I grew up in Marietta, GA and my family was not particularly religious. We went to a Methodist church on Christmas and Easter and on a handfull of Sundays. At that point the only thing that would make me appear to be a Christian was the fact that I celebrated Christmas, or rather I celebrated receiving video games and wool socks.
I had fiends who were involved with Young Life and they invited me to different events with them. I had other friends who went to the youth group at a Baptist church and I would go with them to events. My sister, who was in college at the time, invited me to go to the church she was attending, North Point Community Church on Sunday mornings when she was in town. Looking back at that point in my life, I can see that God was quietly saying, “Follow Me” through all my friends and my sister.
There was a point at the end of my sophomore and into my junior year of high school that I had begun to feel restless. It was the kind of restlessness that I could feel deep in my bones. Kind of like being stuck in between two big guys on a five-hour flight – not fun. I couldn’t tell why I felt that way but I just knew that I did.
There was this girl Katie who sat next to me in homeroom. We became good friends because we had a lot of the same classes and we were forced to sit next to each other because her last name came after mine in the alphabet. She would occasionally invite me to come to XLT with her and I would politely turn her down or say, “Yeah … that would be fun” but actually have no intention of going. After a few weeks of her persistently asking, I finally committed and told her that I would go.
At first it was nothing that I hadn’t seen before – praise and worship and a message. But, then something happened that I had never experienced. It made me uncomfortable because I didn’t understand it. It was the Eucharist. I sat there watching the whole auditorium kneeling before the Eucharist in adoration.
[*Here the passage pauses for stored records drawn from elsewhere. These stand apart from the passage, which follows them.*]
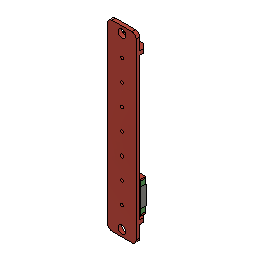
Linear Slide and Mount (Autodesk Fusion 360 design; units mm, degrees)
Autodesk Fusion 360 part; units mm, degrees
note: some values were not read from the file. Chosen so that the rebuilt part matches the saved one: how an offset face is resized. Set by a fixed rule: which sketch regions a step uses.
sketch "Sketch1" plane through (0, 0, 0) normal (0, 1, 0) x (1, 0, 0)
  line L0 (0, 0) -> (7, 0)
  line L1 (7, 0) -> (7, -5)
  line L2 (7, -5) -> (0, -5)
  line L3 (0, -5) -> (0, 0)
  line L4 (0, -1.5) -> (1, -1.5)
  line L5 (1, -1.5) -> (1, -2.25)
  line L6 (1, -2.25) -> (0, -2.25)
  line L7 (0, -2.25) -> (0, -1.5)
  line L8 (7, -1.5) -> (6, -1.5)
  line L9 (6, -1.5) -> (6, -2.25)
  line L10 (6, -2.25) -> (7, -2.25)
  line L11 (7, -2.25) -> (7, -1.5)
  dimension "d1" = 5
  dimension "d2" = 7
  dimension "d3" = 0.75
  dimension "d4" = 2.75
  dimension "d5" = 1
  measures "d3" distance of L4 L6
  measures "d4" distance of L2 L6
extrude "Extrude1" add sketch "Sketch1" along normal blind 100 contours L0 L1 L2 L3 L4 L5 L6 L8 L9 L10 makes body 1
chamfer "Chamfer2" distance 0.25 angle 45 24 edges at (3.5, 100, 0) (0, 100, 0.75) (0.5, 100, 1.5) (1, 100, 1.875) (0.5, 100, 2.25) (0, 100, 3.625) (3.5, 100, 5) (7, 100, 3.625) (6.5, 100, 2.25) (6, 100, 1.875) (6.5, 100, 1.5) (7, 100, 0.75) (3.5, 0, 0) (7, 0, 0.75) (6.5, 0, 1.5) (6, 0, 1.875) (6.5, 0, 2.25) (7, 0, 3.625) (3.5, 0, 5) (0, 0, 3.625) (0.5, 0, 2.25) (1, 0, 1.875) (0.5, 0, 1.5) (0, 0, 0.75) on bodies 1
chamfer "Chamfer1" distance 0.375 angle 45 8 edges at (0, 50, 0) (0, 50, 1.5) (0, 50, 2.25) (0, 50, 5) (7, 50, 2.25) (7, 50, 1.5) (7, 50, 0) (7, 50, 5) on bodies 1
sketch "Sketch2" plane through (0, 0, 0) normal (0, 0, -1) x (-1, 0, 0)
  line L0 (-6.625, 99.75) -> (-6.625, 0.25)
  line L1 (-6.625, 0.25) -> (-0.375, 0.25)
  line L2 (-0.375, 0.25) -> (-0.375, 99.75)
  line L3 (-0.375, 99.75) -> (-6.625, 99.75)
  circle A0 centre (-3.5, 5) radius 2
  line L4 (-6.75, 0) -> (-0.25, 0)
  line L5 (-3.5, 0) -> (-3.5, 5) construction
  circle A1 centre (-3.5, 20) radius 2
  circle A2 centre (-3.5, 35) radius 2
  circle A3 centre (-3.5, 50) radius 2
  circle A4 centre (-3.5, 65) radius 2
  circle A5 centre (-3.5, 80) radius 2
  circle A6 centre (-3.5, 95) radius 2
  dimension "d10" = 4
  dimension "d11" = 5
  dimension "d14" = 0
  dimension "d15" = 90
  measures "d10" diameter of A0
extrude "Extrude2" cut sketch "Sketch2" against normal blind 3 contours A0 | A1 | A2 | A3 | A4 | A5 | A6 bodies 1
sketch "Sketch3" plane through (0, 0, 0) normal (0, 0, -1) x (-1, 0, 0)
  circle A0 centre (-3.5, 35) radius 2
  circle A1 centre (-3.5, 95) radius 2
  circle A2 centre (-3.5, 50) radius 2
  circle A3 centre (-3.5, 20) radius 2
  circle A4 centre (-3.5, 80) radius 2
  circle A5 centre (-3.5, 65) radius 2
  circle A6 centre (-3.5, 5) radius 2
  line L0 (-6.625, 99.75) -> (-6.625, 0.25)
  line L1 (-6.625, 0.25) -> (-0.375, 0.25)
  line L2 (-0.375, 0.25) -> (-0.375, 99.75)
  line L3 (-0.375, 99.75) -> (-6.625, 99.75)
  line L4 (-6.625, 0.25) -> (-6.625, 99.75)
  line L5 (-6.625, 99.75) -> (-0.375, 99.75)
  line L6 (-0.375, 99.75) -> (-0.375, 0.25)
  line L7 (-0.375, 0.25) -> (-6.625, 0.25)
  circle A7 centre (-3.5, 5) radius 2
  circle A8 centre (-3.5, 20) radius 2
  circle A9 centre (-3.5, 35) radius 2
  circle A10 centre (-3.5, 50) radius 2
  circle A11 centre (-3.5, 65) radius 2
  circle A12 centre (-3.5, 80) radius 2
  circle A13 centre (-3.5, 95) radius 2
  circle A14 centre (-3.5, 95) radius 1.25
  circle A15 centre (-3.5, 80) radius 1.25
  circle A16 centre (-3.5, 65) radius 1.25
  circle A17 centre (-3.5, 50) radius 1.25
  circle A18 centre (-3.5, 35) radius 1.25
  circle A19 centre (-3.5, 20) radius 1.25
  circle A20 centre (-3.5, 5) radius 1.25
  dimension "d18" = 2.5
  measures "d18" diameter of A20
extrude "Extrude3" cut sketch "Sketch3" against normal blind 5 contours A14 | A15 | A16 | A17 | A18 | A19 | A20 bodies 1
sketch "Sketch4" plane through (0, 0, 0) normal (0, -1, 0) x (1, 0, 0)
  line L0 (1.25, 1.25) -> (0.25, 1.25)
  line L1 (0.25, 1.25) -> (0.25, 0.25)
  line L2 (0.25, 0.25) -> (6.75, 0.25)
  line L3 (6.75, 0.25) -> (6.75, 1.25)
  line L4 (6.75, 1.25) -> (5.75, 1.25)
  line L5 (5.75, 1.25) -> (5.75, 2.5)
  line L6 (5.75, 2.5) -> (6.75, 2.5)
  line L7 (6.75, 2.5) -> (6.75, 4.75)
  line L8 (6.75, 4.75) -> (0.25, 4.75)
  line L9 (0.25, 4.75) -> (0.25, 2.5)
  line L10 (0.25, 2.5) -> (1.25, 2.5)
  line L11 (1.25, 2.5) -> (1.25, 1.25)
  line L12 (0.375, 0) -> (6.625, 0)
  line L13 (6.625, 5) -> (0.375, 5)
  line L14 (12, -1) -> (-5, -1)
  line L15 (-5, -1) -> (-5, 3.2478)
  line L16 (-5, 3.2478) -> (12, 3.2478)
  line L17 (12, 3.2478) -> (12, -1)
  line L18 (3.5, -1) -> (3.5, 0) construction
  line L19 (0.25, 4.75) -> (6.75, 4.75)
  line L20 (6.75, 4.75) -> (6.75, 2.5)
  line L21 (6.75, 2.5) -> (5.75, 2.5)
  line L22 (5.75, 2.5) -> (5.75, 1.25)
  line L23 (5.75, 1.25) -> (6.75, 1.25)
  line L24 (6.75, 1.25) -> (6.75, 0.25)
  line L25 (6.75, 0.25) -> (0.25, 0.25)
  line L26 (0.25, 0.25) -> (0.25, 1.25)
  line L27 (0.25, 1.25) -> (1.25, 1.25)
  line L28 (1.25, 1.25) -> (1.25, 2.5)
  line L29 (1.25, 2.5) -> (0.25, 2.5)
  line L30 (0.25, 2.5) -> (0.25, 4.75)
  line L31 (6.05, 2.2) -> (7.05, 2.2)
  line L32 (7.05, 2.2) -> (7.05, 5.05)
  line L33 (7.05, 5.05) -> (-0.05, 5.05)
  line L34 (-0.05, 5.05) -> (-0.05, 2.2)
  line L35 (-0.05, 2.2) -> (0.95, 2.2)
  line L36 (0.95, 2.2) -> (0.95, 1.55)
  line L37 (0.95, 1.55) -> (-0.05, 1.55)
  line L38 (-0.05, 1.55) -> (-0.05, -0.05)
  line L39 (-0.05, -0.05) -> (7.05, -0.05)
  line L40 (7.05, -0.05) -> (7.05, 1.55)
  line L41 (7.05, 1.55) -> (6.05, 1.55)
  line L42 (6.05, 1.55) -> (6.05, 2.2)
  circle A0 centre (3.5, -0.5) radius 0.25
  dimension "d21" = 1.7522
  dimension "d22" = 6
  dimension "d23" = 17
  dimension "d24" = 0.3
  dimension "d25" = 0.5
  measures "d21" distance of L13 L16
  measures "d22" distance of L13 L14
  measures "d24" distance of L6
  measures "d25" diameter of A0
extrude "Extrude4" add sketch "Sketch4" against normal blind 22.5 separate body contours L14 L15 L16 L17 L31 L32 L34 L35 L36 L37 L38 L39 L40 L41 L42 makes body 2
sketch "Sketch5" plane through (0, 0, 0) normal (0, -1, 0) x (1, 0, 0)
  circle A0 centre (3.5, -0.5) radius 0.25
  line L0 (6.05, 1.55) -> (7.05, 1.55)
  line L1 (7.05, 1.55) -> (7.05, -0.05)
  line L2 (7.05, -0.05) -> (-0.05, -0.05)
  line L3 (-0.05, -0.05) -> (-0.05, 1.55)
  line L4 (-0.05, 1.55) -> (0.95, 1.55)
  line L5 (0.95, 1.55) -> (0.95, 2.2)
  line L6 (0.95, 2.2) -> (-0.05, 2.2)
  line L7 (-0.05, 2.2) -> (-0.05, 3.2478)
  line L8 (-0.05, 3.2478) -> (-5, 3.2478)
  line L9 (-5, 3.2478) -> (-5, -1)
  line L10 (-5, -1) -> (12, -1)
  line L11 (12, -1) -> (12, 3.2478)
  line L12 (12, 3.2478) -> (7.05, 3.2478)
  line L13 (7.05, 3.2478) -> (7.05, 2.2)
  line L14 (7.05, 2.2) -> (6.05, 2.2)
  line L15 (6.05, 2.2) -> (6.05, 1.55)
  circle A1 centre (3.5, -0.5) radius 0.25
  line L16 (7.05, 1.55) -> (6.05, 1.55)
  line L17 (6.05, 1.55) -> (6.05, 2.2)
  line L18 (6.05, 2.2) -> (7.05, 2.2)
  line L19 (7.05, 2.2) -> (7.05, 3.2478)
  line L20 (7.05, 3.2478) -> (12, 3.2478)
  line L21 (12, 3.2478) -> (12, -1)
  line L22 (12, -1) -> (-5, -1)
  line L23 (-5, -1) -> (-5, 3.2478)
  line L24 (-5, 3.2478) -> (-0.05, 3.2478)
  line L25 (-0.05, 3.2478) -> (-0.05, 2.2)
  line L26 (-0.05, 2.2) -> (0.95, 2.2)
  line L27 (0.95, 2.2) -> (0.95, 1.55)
  line L28 (0.95, 1.55) -> (-0.05, 1.55)
  line L29 (-0.05, 1.55) -> (-0.05, -0.05)
  line L30 (-0.05, -0.05) -> (7.05, -0.05)
  line L31 (7.05, -0.05) -> (7.05, 1.55)
  line L32 (7.15, 2.1) -> (6.15, 2.1)
  line L33 (6.15, 2.1) -> (6.15, 1.65)
  line L34 (6.15, 1.65) -> (7.15, 1.65)
  line L35 (7.15, 1.65) -> (7.15, -0.15)
  line L36 (7.15, -0.15) -> (-0.15, -0.15)
  line L37 (-0.15, -0.15) -> (-0.15, 1.65)
  line L38 (-0.15, 1.65) -> (0.85, 1.65)
  line L39 (0.85, 1.65) -> (0.85, 2.1)
  line L40 (0.85, 2.1) -> (-0.15, 2.1)
  line L41 (-0.15, 2.1) -> (-0.15, 3.1478)
  line L42 (-0.15, 3.1478) -> (-4.9, 3.1478)
  line L43 (-4.9, 3.1478) -> (-4.9, -0.9)
  line L44 (-4.9, -0.9) -> (11.9, -0.9)
  line L45 (11.9, -0.9) -> (11.9, 3.1478)
  line L46 (11.9, 3.1478) -> (7.15, 3.1478)
  line L47 (7.15, 3.1478) -> (7.15, 2.1)
  line L48 (11.9, 3.1478) -> (11.9, 3.2478)
  line L49 (-4.9, 3.1478) -> (-4.9, 3.2478)
  dimension "d28" = 0.1
  measures "d28" distance of L14
  measures "d82" distance of L41
extrude "Extrude5" cut sketch "Sketch5" against normal blind 4.5 contours L8 L9 L10 L11 L12 L20 L21 L22 L23 L24 L43 L44 L45 L48 L49 bodies 2
sketch "Sketch6" plane through (0, 22.5, 0) normal (0, 1, 0) x (-1, 0, 0)
  circle A0 centre (-3.5, -0.5) radius 0.25
  line L0 (-7.05, 1.55) -> (-6.05, 1.55)
  line L1 (-6.05, 1.55) -> (-6.05, 2.2)
  line L2 (-6.05, 2.2) -> (-7.05, 2.2)
  line L3 (-7.05, 2.2) -> (-7.05, 3.2478)
  line L4 (-7.05, 3.2478) -> (-12, 3.2478)
  line L5 (-12, 3.2478) -> (-12, -1)
  line L6 (-12, -1) -> (5, -1)
  line L7 (5, -1) -> (5, 3.2478)
  line L8 (5, 3.2478) -> (0.05, 3.2478)
  line L9 (0.05, 3.2478) -> (0.05, 2.2)
  line L10 (0.05, 2.2) -> (-0.95, 2.2)
  line L11 (-0.95, 2.2) -> (-0.95, 1.55)
  line L12 (-0.95, 1.55) -> (0.05, 1.55)
  line L13 (0.05, 1.55) -> (0.05, -0.05)
  line L14 (0.05, -0.05) -> (-7.05, -0.05)
  line L15 (-7.05, -0.05) -> (-7.05, 1.55)
  line L16 (4.9, -0.9) -> (4.9, 3.2478)
  line L17 (4.9, 3.2478) -> (5, 3.2478)
  line L18 (5, 3.2478) -> (5, -1)
  line L19 (5, -1) -> (-12, -1)
  line L20 (-12, -1) -> (-12, 3.2478)
  line L21 (-12, 3.2478) -> (-11.9, 3.2478)
  line L22 (-11.9, 3.2478) -> (-11.9, -0.9)
  line L23 (-11.9, -0.9) -> (4.9, -0.9)
extrude "Extrude6" cut sketch "Sketch6" against normal blind 4.5 contours L4 L5 L6 L7 L8 L16 L17 L18 L19 L20 L21 L22 L23 bodies 2
chamfer "Chamfer3" distance 0.5 angle 45 8 edges at (11.9, 20.25, -0.9) (11.9, 20.25, 3.2478) (11.9, 2.25, -0.9) (11.9, 2.25, 3.2478) (-4.9, 20.25, -0.9) (-4.9, 20.25, 3.2478) (-4.9, 2.25, -0.9) (-4.9, 2.25, 3.2478) on bodies 2
sketch "Sketch7" plane through (0, 0, -1) normal (0, 0, -1) x (-1, 0, 0)
  line L0 (5, 18) -> (-12, 18)
  line L1 (-12, 18) -> (-12, 4.5)
  line L2 (-12, 4.5) -> (5, 4.5)
  line L3 (5, 4.5) -> (5, 18)
  line L4 (-3.5, 18) -> (-3.5, 4.5) construction
  line L5 (2.5, 15.25) -> (-9.5, 15.25) construction
  line L6 (-9.5, 15.25) -> (-9.5, 7.25) construction
  line L7 (-9.5, 7.25) -> (2.5, 7.25) construction
  line L8 (2.5, 7.25) -> (2.5, 15.25) construction
  line L9 (2.5, 15.25) -> (-9.5, 7.25) construction
  line L10 (-9.5, 15.25) -> (2.5, 7.25) construction
  circle A0 centre (-9.5, 15.25) radius 1
  circle A1 centre (-9.5, 7.25) radius 1
  circle A2 centre (2.5, 7.25) radius 1
  circle A3 centre (2.5, 15.25) radius 1
  dimension "d34" = 8
  dimension "d35" = 12
  dimension "d36" = 2
  measures "d36" diameter of A2
extrude "Extrude7" cut sketch "Sketch7" against normal blind 3.5 contours A0 | A1 | A2 | A3 bodies 2
thread "Thread1" "ISO Metric profile 2.0 M2x0.4 6H" major diameter 2.074 minor diameter 1.623 pitch 0.4 angle 60 resizes the face on face at (8.505, 7.1504, 1.3333) on bodies 2
thread "Thread2" "ISO Metric profile 2.0 M2x0.4 6H" major diameter 2.074 minor diameter 1.623 pitch 0.4 angle 60 resizes the face on face at (8.505, 15.1504, 1.3333) on bodies 2
thread "Thread3" "ISO Metric profile 2.0 M2x0.4 6H" major diameter 2.074 minor diameter 1.623 pitch 0.4 angle 60 resizes the face on face at (-3.495, 7.1504, 1.3333) on bodies 2
thread "Thread4" "ISO Metric profile 2.0 M2x0.4 6H" major diameter 2.074 minor diameter 1.623 pitch 0.4 angle 60 resizes the face on face at (-3.495, 15.1504, 1.3333) on bodies 2
sketch "Sketch8" plane through (0, 0, -1) normal (0, 0, -1) x (-1, 0, 0)
  circle A0 centre (-9.5, 7.25) radius 0.8115
  circle A1 centre (2.5, 7.25) radius 0.8115
  circle A2 centre (-9.5, 15.25) radius 0.8115
  circle A3 centre (2.5, 15.25) radius 0.8115
  line L0 (5, 18) -> (-12, 18)
  line L1 (-12, 18) -> (-12, 4.5)
  line L2 (-12, 4.5) -> (5, 4.5)
  line L3 (5, 4.5) -> (5, 18)
  line L4 (-11.9, 22.5) -> (-11.9, 18)
  line L5 (4.9, 18) -> (4.9, 22.5)
  line L6 (4.9, 0) -> (4.9, 4.5)
  line L7 (-11.9, 4.5) -> (-11.9, 0)
  line L8 (-11.9, 21.5) -> (4.9, 21.5)
  line L9 (-11.9, 1) -> (4.9, 1)
  line L10 (-11.4, 22.5) -> (4.4, 22.5)
  line L11 (4.4, 0) -> (-11.4, 0)
  dimension "d39" = 1
  dimension "d40" = 1
  measures "d39" distance of L8 L10
  measures "d40" distance of L9 L11
split_face "SplitFace1" 16 faces at (-4.5667, 21, -0.7333) (-4.9, 21, 0.6493) (-4.7333, 21, 2.9144) (-1.5, 13.5, 3.2478) (6.1333, 21, -0.9) (11.5667, 21, -0.7333) (11.9, 21, 1.6985) (11.7333, 21, 2.9144) (8.5, 9, 3.2478) (11.7333, 1.5, -0.5667) (0.8667, 3, -0.9) (11.9, 3, 1.6985) (11.5667, 1.5, 3.0811) (-4.9, 3, 1.6985) (-4.5667, 1.5, -0.7333) (-4.7333, 1.5, 2.9144) by curves path "Sketch8" along L9 on bodies 2
split_face "SplitFace2" 9 faces at (6.1333, 21, -0.9) (11.5667, 21, -0.7333) (11.9, 21, 1.6985) (11.7333, 21, 2.9144) (8.5, 13.8333, 3.2478) (-4.5667, 21, -0.7333) (-4.9, 21, 0.6493) (-1.5, 13.8333, 3.2478) (-4.7333, 21, 2.9144) by curves path "Sketch8" along L8 on bodies 2
sketch "Sketch9" plane through (0, 0, 3.2478) normal (0, 0, 1) x (1, 0, 0)
  line L0 (11.4, 21.5) -> (7.05, 21.5)
  line L1 (7.05, 21.5) -> (7.05, 1)
  line L2 (7.05, 1) -> (11.4, 1)
  line L3 (11.4, 1) -> (11.4, 4.5)
  line L4 (11.4, 4.5) -> (12, 4.5)
  line L5 (12, 4.5) -> (12, 18)
  line L6 (12, 18) -> (11.4, 18)
  line L7 (11.4, 18) -> (11.4, 21.5)
  line L8 (-5, 18) -> (12, 18)
  line L9 (12, 18) -> (12, 4.5)
  line L10 (12, 4.5) -> (-5, 4.5)
  line L11 (-5, 4.5) -> (-5, 18)
split_face "SplitFace3" 2 faces at (8.5, 9, 3.2478) (-1.5, 13.5, 3.2478) by curves path "Sketch9" along L10 L11 L8 L9 on bodies 2
copy_body "Body->Comp1" bodies 1 removing the originals makes body 3 in component "Linear Slide"
copy_body "Body->Comp2" bodies 2 removing the originals makes body 4 in component "Carriage"
sketch "Sketch10" plane through (0, 0, 5) normal (0, 0, 1) x (1, 0, 0)
  circle A0 centre (3.5, 65) radius 1.25
  circle A1 centre (3.5, 5) radius 1.25
  circle A2 centre (3.5, 50) radius 1.25
  circle A3 centre (3.5, 80) radius 1.25
  circle A4 centre (3.5, 20) radius 1.25
  circle A5 centre (3.5, 35) radius 1.25
  circle A6 centre (3.5, 95) radius 1.25
  line L0 (6.625, 0.25) -> (6.625, 99.75)
  line L1 (6.625, 99.75) -> (0.375, 99.75)
  line L2 (0.375, 99.75) -> (0.375, 0.25)
  line L3 (0.375, 0.25) -> (6.625, 0.25)
  circle A7 centre (3.5, 35) radius 2
  circle A8 centre (3.5, 95) radius 2
  circle A9 centre (3.5, 50) radius 2
  circle A10 centre (3.5, 20) radius 2
  circle A11 centre (3.5, 80) radius 2
  circle A12 centre (3.5, 65) radius 2
  circle A13 centre (3.5, 5) radius 2
  line L4 (6.625, 99.75) -> (6.625, 0.25)
  line L5 (6.625, 0.25) -> (0.375, 0.25)
  line L6 (0.375, 0.25) -> (0.375, 99.75)
  line L7 (0.375, 99.75) -> (6.625, 99.75)
  line L8 (-6.5, 114.5) -> (13.5, 114.5)
  line L9 (13.5, 114.5) -> (13.5, -14.5)
  line L10 (13.5, -14.5) -> (-6.5, -14.5)
  line L11 (-6.5, -14.5) -> (-6.5, 114.5)
  line L12 (-0.225, -0.35) -> (7.225, -0.35)
  line L13 (7.225, -0.35) -> (7.225, 100.35)
  line L14 (7.225, 100.35) -> (-0.225, 100.35)
  line L15 (-0.225, 100.35) -> (-0.225, -0.35)
  line L16 (0.375, 50) -> (6.625, 50)
  line L17 (9.85, 107.15) -> (-2.85, 107.15)
  line L18 (-2.85, 107.15) -> (-2.85, -7.15)
  line L19 (-2.85, -7.15) -> (9.85, -7.15)
  line L20 (9.85, -7.15) -> (9.85, 107.15)
  line L21 (9.85, 107.15) -> (-2.85, -7.15) construction
  line L22 (-2.85, 107.15) -> (9.85, -7.15) construction
  line L23 (12.1614, 109.4614) -> (7.5386, 109.4614) construction
  line L24 (7.5386, 109.4614) -> (7.5386, 104.8386) construction
  line L25 (7.5386, 104.8386) -> (12.1614, 104.8386) construction
  line L26 (12.1614, 104.8386) -> (12.1614, 109.4614) construction
  line L27 (12.1614, 109.4614) -> (7.5386, 104.8386) construction
  line L28 (7.5386, 109.4614) -> (12.1614, 104.8386) construction
  line L29 (-6.5, 50) -> (13.5, 50) construction
  line L30 (-5.1614, 109.4614) -> (-5.1614, 104.8386) construction
  line L31 (-0.5386, 109.4614) -> (-5.1614, 109.4614) construction
  line L32 (-5.1614, 104.8386) -> (-0.5386, 104.8386) construction
  line L33 (-0.5386, 104.8386) -> (-0.5386, 109.4614) construction
  line L34 (7.5386, -4.8386) -> (7.5386, -9.4614) construction
  line L35 (12.1614, -4.8386) -> (7.5386, -4.8386) construction
  line L36 (7.5386, -9.4614) -> (12.1614, -9.4614) construction
  line L37 (12.1614, -9.4614) -> (12.1614, -4.8386) construction
  line L38 (-5.1614, -4.8386) -> (-5.1614, -9.4614) construction
  line L39 (-0.5386, -4.8386) -> (-5.1614, -4.8386) construction
  line L40 (-5.1614, -9.4614) -> (-0.5386, -9.4614) construction
  line L41 (-0.5386, -9.4614) -> (-0.5386, -4.8386) construction
  circle A14 centre (3.5, 95) radius 1
  circle A15 centre (3.5, 80) radius 1
  circle A16 centre (3.5, 65) radius 1
  circle A17 centre (3.5, 50) radius 1.25 construction
  circle A18 centre (3.5, 50) radius 1
  circle A19 centre (3.5, 35) radius 1
  circle A20 centre (3.5, 20) radius 1
  circle A21 centre (3.5, 5) radius 1
  line L42 (8.625, -1.75) -> (8.625, 101.75)
  line L43 (8.625, 101.75) -> (-1.625, 101.75)
  line L44 (-1.625, 101.75) -> (-1.625, -1.75)
  line L45 (-1.625, -1.75) -> (8.625, -1.75)
  line L46 (3.5, 114.5) -> (3.5, -14.5)
  circle A22 centre (3.5, -10) radius 2.75
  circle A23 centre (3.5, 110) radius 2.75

My initial thought was, “I don’t know what that is, so I will sit here pray quietly to myself.” I didn’t want to kneel. The floor was hard. Leaving XLT, I had the feeling of being out of my comfort zone.
I went with Katie the next week … and then again the following week. That piece of bread had the attention of a whole auditorium of people, it had to mean something. Unknowingly I followed her to a moment with Christ that would change my life. Before Adoration, the priest described what we were about to encounter. While I was sitting there, for the first time in my life I allowed myself to be found by God. And for the first time told him where I was. I heard him speaking in His quiet voice, “Stop looking. You are home”.
This was that moment, when I found something that my life would be incomplete without. I can no longer see how a life can exist with out the Eucharist being at the center of it. Having a spiritual life with out the Eucharist at the center is like eating cookies without milk or trying to drive a car with no gas in the tank. It doesn’t work.
When I was a senior in high school in 2003, I was received into the Catholic Church on Easter because of the Eucharist. There is not a day that goes by without the Eucharist being on my mind, challenging me and slowly molding me into the person I was created to be. The Eucharist is the one thing I am incomplete with out.